• **Aim of the task**: Using the data that follows, return exactly the lines from the one that contains "DT_CAN3_SG_TM_MCUSta2/1 -> CAN3/11(DT_CAN3_SG_TM_MCUSta2)" through the one that contains "DT_CAN1_SG_EBC1/1 -> CAN1/6(DT_CAN1_SG_EBC1)", ends included.

• **Extracted material**:
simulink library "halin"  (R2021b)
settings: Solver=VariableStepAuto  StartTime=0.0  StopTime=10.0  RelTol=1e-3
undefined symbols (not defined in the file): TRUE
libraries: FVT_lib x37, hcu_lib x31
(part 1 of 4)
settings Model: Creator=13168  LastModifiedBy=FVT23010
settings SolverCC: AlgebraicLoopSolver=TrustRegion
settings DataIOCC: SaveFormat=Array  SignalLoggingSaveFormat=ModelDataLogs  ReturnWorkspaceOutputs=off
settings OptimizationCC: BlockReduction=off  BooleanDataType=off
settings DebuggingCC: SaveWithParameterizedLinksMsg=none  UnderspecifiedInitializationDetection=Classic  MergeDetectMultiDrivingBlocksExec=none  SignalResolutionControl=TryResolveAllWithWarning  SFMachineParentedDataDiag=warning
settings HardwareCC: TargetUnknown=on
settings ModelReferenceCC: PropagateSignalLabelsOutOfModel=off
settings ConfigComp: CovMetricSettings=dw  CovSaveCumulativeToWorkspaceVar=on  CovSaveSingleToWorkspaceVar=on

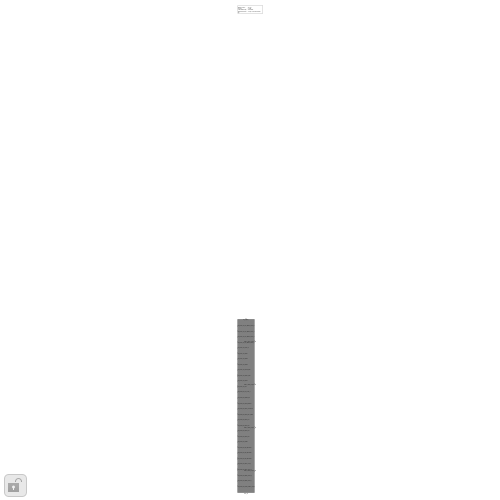
[thumbnail: Simulink's stored preview of the top-level diagram]
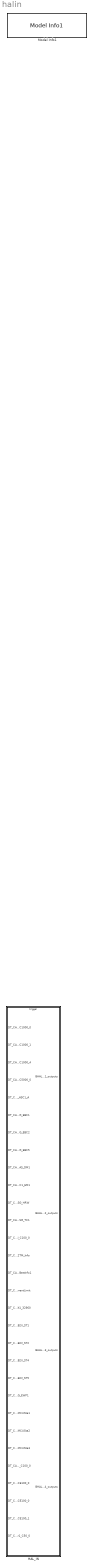
== system halin ==
  HAL_IN : Subsystem
      settings: RTWSystemCode=Nonreusable function  RTWFcnNameOpts=Use subsystem name  RTWFileNameOpts=Use subsystem name
  Model Info1 : hcu_lib/Model Info1  BlockCM=None  Frame=on  DisplayStringWithTags=|  HorizontalTextAlignment=Left  LeftAlignmentValue=0.02  SourceBlockDiagram=hcu_lib  TagMaxNumber=20
      | Model Version        : %<ModelVersion>
      | Creator                   : %<Creator>
      | Last Modified By    : %<LastModifiedBy>
      | Modification date    : %<LastModificationDate>
      settings: SourceProductName=HCU Relative Block Library

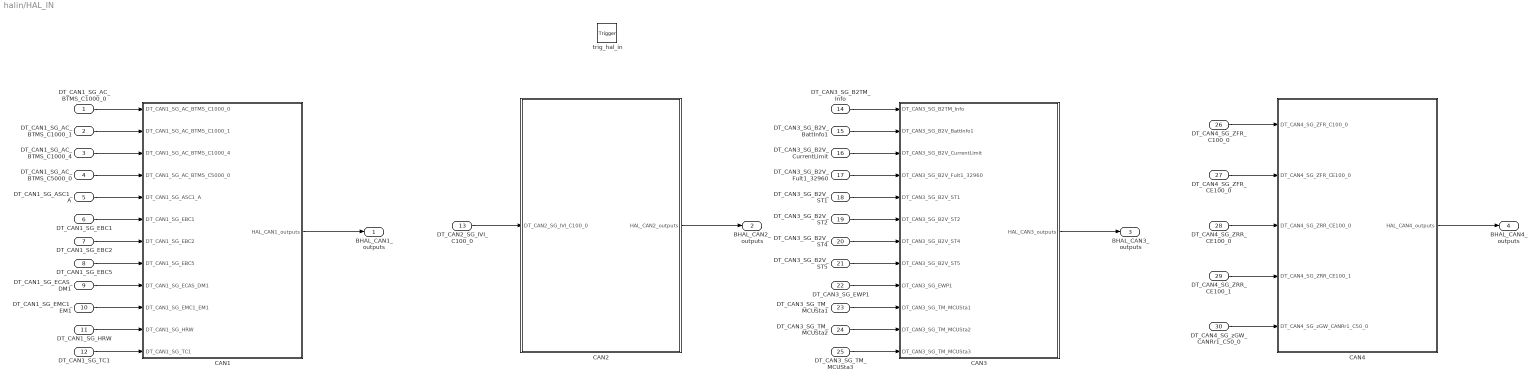
== system halin/HAL_IN ==
  DT_CAN1_SG_AC_BTMS_C1000_0 : Inport
  DT_CAN1_SG_AC_BTMS_C1000_1 : Inport  Port=2
  DT_CAN1_SG_AC_BTMS_C1000_4 : Inport  Port=3
  DT_CAN1_SG_AC_BTMS_C5000_0 : Inport  Port=4
  DT_CAN1_SG_ASC1_A : Inport  Port=5
  DT_CAN1_SG_EBC1 : Inport  Port=6
  DT_CAN1_SG_EBC2 : Inport  Port=7
  DT_CAN1_SG_EBC5 : Inport  Port=8
  DT_CAN1_SG_ECAS_DM1 : Inport  Port=9
  DT_CAN1_SG_EMC1_EM1 : Inport  Port=10
  DT_CAN1_SG_HRW : Inport  Port=11
  DT_CAN1_SG_TC1 : Inport  Port=12
  DT_CAN2_SG_IVI_C100_0 : Inport  Port=13
  DT_CAN3_SG_B2TM_Info : Inport  Port=14
  DT_CAN3_SG_B2V_BattInfo1 : Inport  Port=15
  DT_CAN3_SG_B2V_CurrentLimit : Inport  Port=16
  DT_CAN3_SG_B2V_Fult1_32960 : Inport  Port=17
  DT_CAN3_SG_B2V_ST1 : Inport  Port=18
  DT_CAN3_SG_B2V_ST2 : Inport  Port=19
  DT_CAN3_SG_B2V_ST4 : Inport  Port=20
  DT_CAN3_SG_B2V_ST5 : Inport  Port=21
  DT_CAN3_SG_EWP1 : Inport  Port=22
  DT_CAN3_SG_TM_MCUSta1 : Inport  Port=23
  DT_CAN3_SG_TM_MCUSta2 : Inport  Port=24
  DT_CAN3_SG_TM_MCUSta3 : Inport  Port=25
  DT_CAN4_SG_ZFR_C100_0 : Inport  Port=26
  DT_CAN4_SG_ZFR_CE100_0 : Inport  Port=27
  DT_CAN4_SG_ZRR_CE100_0 : Inport  Port=28
  DT_CAN4_SG_ZRR_CE100_1 : Inport  Port=29
  DT_CAN4_SG_zGW_CANRr1_C50_0 : Inport  Port=30
  trig_hal_in : TriggerPort  TriggerType=function-call  VariantControl=(inherit)
  CAN1 : Subsystem
  CAN2 : Subsystem
  CAN3 : Subsystem
  CAN4 : Subsystem
  BHAL_CAN1_outputs : Outport  OutDataTypeStr=Bus: BHAL_CAN1_outputs
  BHAL_CAN2_outputs : Outport  Port=2  OutDataTypeStr=Bus: BHAL_CAN2_outputs
  BHAL_CAN3_outputs : Outport  Port=3  OutDataTypeStr=Bus: BHAL_CAN3_outputs
  BHAL_CAN4_outputs : Outport  Port=4  OutDataTypeStr=Bus: BHAL_CAN4_outputs
  wires:
  DT_CAN3_SG_TM_MCUSta2/1 -> CAN3/11(DT_CAN3_SG_TM_MCUSta2)
  DT_CAN1_SG_AC_BTMS_C1000_4/1 -> CAN1/3(DT_CAN1_SG_AC_BTMS_C1000_4)
  DT_CAN1_SG_AC_BTMS_C1000_1/1 -> CAN1/2(DT_CAN1_SG_AC_BTMS_C1000_1)
  DT_CAN1_SG_AC_BTMS_C1000_0/1 -> CAN1/1(DT_CAN1_SG_AC_BTMS_C1000_0)
  DT_CAN1_SG_EBC1/1 -> CAN1/6(DT_CAN1_SG_EBC1)
  DT_CAN1_SG_EBC2/1 -> CAN1/7(DT_CAN1_SG_EBC2)
  DT_CAN3_SG_TM_MCUSta3/1 -> CAN3/12(DT_CAN3_SG_TM_MCUSta3)
  DT_CAN1_SG_ASC1_A/1 -> CAN1/5(DT_CAN1_SG_ASC1_A)
  DT_CAN1_SG_HRW/1 -> CAN1/11(DT_CAN1_SG_HRW)
  DT_CAN1_SG_AC_BTMS_C5000_0/1 -> CAN1/4(DT_CAN1_SG_AC_BTMS_C5000_0)
  DT_CAN1_SG_TC1/1 -> CAN1/12(DT_CAN1_SG_TC1)
  DT_CAN1_SG_EMC1_EM1/1 -> CAN1/10(DT_CAN1_SG_EMC1_EM1)
  DT_CAN1_SG_ECAS_DM1/1 -> CAN1/9(DT_CAN1_SG_ECAS_DM1)
  DT_CAN1_SG_EBC5/1 -> CAN1/8(DT_CAN1_SG_EBC5)
  CAN1/1(HAL_CAN1_outputs) -> BHAL_CAN1_outputs/1
  DT_CAN3_SG_B2TM_Info/1 -> CAN3/1(DT_CAN3_SG_B2TM_Info)
  CAN3/1(HAL_CAN3_outputs) -> BHAL_CAN3_outputs/1
  DT_CAN3_SG_B2V_ST5/1 -> CAN3/8(DT_CAN3_SG_B2V_ST5)
  DT_CAN3_SG_B2V_ST4/1 -> CAN3/7(DT_CAN3_SG_B2V_ST4)
  DT_CAN3_SG_B2V_CurrentLimit/1 -> CAN3/3(DT_CAN3_SG_B2V_CurrentLimit)
  DT_CAN3_SG_EWP1/1 -> CAN3/9(DT_CAN3_SG_EWP1)
  CAN2/1(HAL_CAN2_outputs) -> BHAL_CAN2_outputs/1
  DT_CAN3_SG_B2V_ST2/1 -> CAN3/6(DT_CAN3_SG_B2V_ST2)
  DT_CAN3_SG_B2V_ST1/1 -> CAN3/5(DT_CAN3_SG_B2V_ST1)
  DT_CAN4_SG_ZFR_C100_0/1 -> CAN4/1(DT_CAN4_SG_ZFR_C100_0)
  CAN4/1(HAL_CAN4_outputs) -> BHAL_CAN4_outputs/1
  DT_CAN4_SG_ZFR_CE100_0/1 -> CAN4/2(DT_CAN4_SG_ZFR_CE100_0)
  DT_CAN3_SG_TM_MCUSta1/1 -> CAN3/10(DT_CAN3_SG_TM_MCUSta1)
  DT_CAN2_SG_IVI_C100_0/1 -> CAN2/1(DT_CAN2_SG_IVI_C100_0)
  DT_CAN4_SG_zGW_CANRr1_C50_0/1 -> CAN4/5(DT_CAN4_SG_zGW_CANRr1_C50_0)
  DT_CAN4_SG_ZRR_CE100_1/1 -> CAN4/4(DT_CAN4_SG_ZRR_CE100_1)
  DT_CAN4_SG_ZRR_CE100_0/1 -> CAN4/3(DT_CAN4_SG_ZRR_CE100_0)
  DT_CAN3_SG_B2V_Fult1_32960/1 -> CAN3/4(DT_CAN3_SG_B2V_Fult1_32960)
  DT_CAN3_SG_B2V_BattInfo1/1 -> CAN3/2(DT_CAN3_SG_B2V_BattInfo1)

• **Solution to this problem**:
  DT_CAN3_SG_TM_MCUSta2/1 -> CAN3/11(DT_CAN3_SG_TM_MCUSta2)
  DT_CAN1_SG_AC_BTMS_C1000_4/1 -> CAN1/3(DT_CAN1_SG_AC_BTMS_C1000_4)
  DT_CAN1_SG_AC_BTMS_C1000_1/1 -> CAN1/2(DT_CAN1_SG_AC_BTMS_C1000_1)
  DT_CAN1_SG_AC_BTMS_C1000_0/1 -> CAN1/1(DT_CAN1_SG_AC_BTMS_C1000_0)
  DT_CAN1_SG_EBC1/1 -> CAN1/6(DT_CAN1_SG_EBC1)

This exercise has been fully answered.